Series V

The Upside of Constraints

Photo by Rostyslav Savchyn on Unsplash

“Lucky is the man who doesn’t believe every opportunity is open to him.”

-Walker Percy

Founders think they need more. More money, more employees, more features. But sometimes, not having enough is a good thing.

Here’s why: constraints force focus. When resources are scarce, they only get spent on the most necessary things. You are forced to take a detailed look at your company and its operations, eliminate all unneeded elements, then isolate what makes it work and do just that. Also, you are pushed to ask “what assumption is this business hinging on?”

For instance, companies make money by increasing sales and reducing costs. Now, imagine you have a product with ten features and 80% of your customers only use two features. The intelligent thing to do is kill the other eight features and risk 20% of your customers who may or may not leave. BUT you are guaranteed to have more resources for your top two features. And this may lead to higher retention of your core customers.

Resource constraints aren’t necessarily the limiter preventing you from doing great things. What’s deadly is not doing enough with what’s available or not doing what’s required. “Most startups don’t die from starvation; they die from indigestion.”

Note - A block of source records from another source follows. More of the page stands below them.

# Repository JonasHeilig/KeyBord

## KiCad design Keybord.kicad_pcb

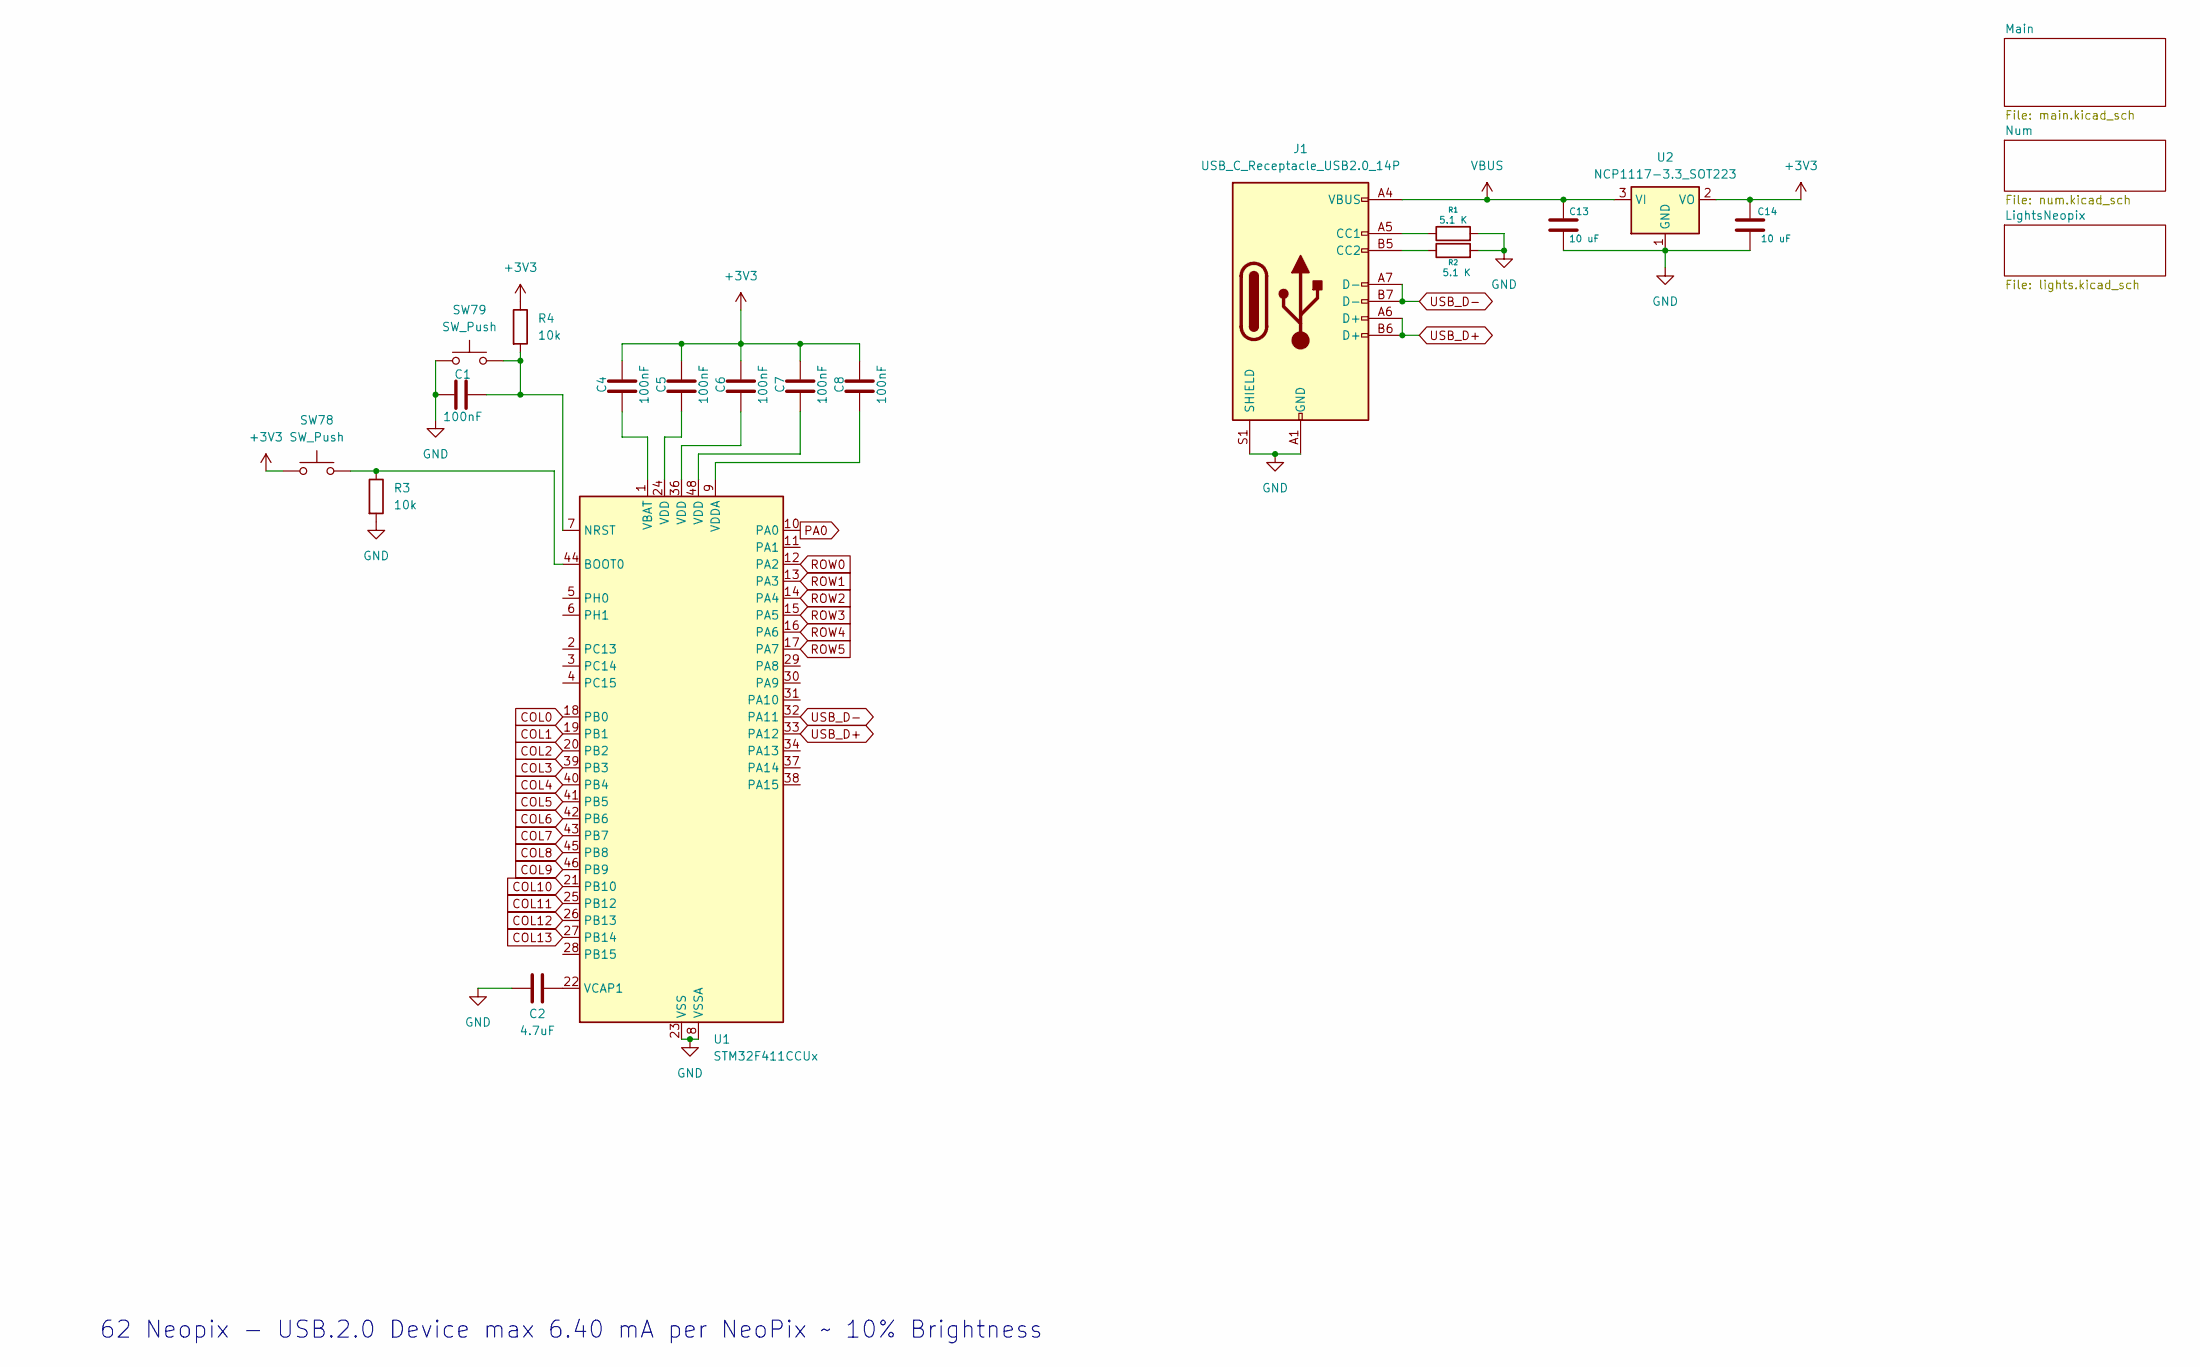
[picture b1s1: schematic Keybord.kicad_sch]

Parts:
C1, C4, C5, C6, C7, C8: 100nF; C_0603_1608Metric
C2: 4.7uF; C_0805_2012Metric
C13, C14: 10 uF; C_0805_2012Metric
J1: USB_C_Receptacle_USB2.0_14P; USB_C_Receptacle_HRO_TYPE-C-31-M-12
R1, R2: 5.1 K; R_0402_1005Metric
R3, R4: 10k; R_0603_1608Metric
SW78, SW79: SW_Push; smd_switch_sunrom4388
U1: STM32F411CCUx; QFN-48-1EP_7x7mm_P0.5mm_EP5.6x5.6mm
U2: NCP1117-3.3_SOT223; SOT-223-3_TabPin2

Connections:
+3V3: C4.2, C5.2, C6.2, C7.2, C8.2, C14.1, R4.1, SW78.1, U2.2 (VO)
COL0: U1.18 (PB0); also elsewhere on the board
COL1: U1.19 (PB1); also elsewhere on the board
COL2: U1.20 (PB2); also elsewhere on the board
COL3: U1.39 (PB3); also elsewhere on the board
COL4: U1.40 (PB4); also elsewhere on the board
COL5: U1.41 (PB5); also elsewhere on the board
COL6: U1.42 (PB6); also elsewhere on the board
COL7: U1.43 (PB7); also elsewhere on the board
COL8: U1.45 (PB8); also elsewhere on the board
COL9: U1.46 (PB9); also elsewhere on the board
COL10: U1.21 (PB10); also elsewhere on the board
COL11: U1.25 (PB12); also elsewhere on the board
COL12: U1.26 (PB13); also elsewhere on the board
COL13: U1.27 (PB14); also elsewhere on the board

Constraints force founders to carefully allocate time and resources to find creative solutions. Some entrepreneurs never get past the victim stage. They see every restraint as an inhibitor to their ability to realise their ambition and an excuse for not persevering. The smart ones become transformers. They translate constraints to new approaches and breakthrough solutions.

If necessity is the mother of invention, then it makes sense that constraints will yield something new.

“And I don’t believe capital has ever helped a company win a market. Many have tried that approach, and it always ends badly.

So I encourage all of you entrepreneurs out there to embrace being resource constrained and learn to love operating with less.”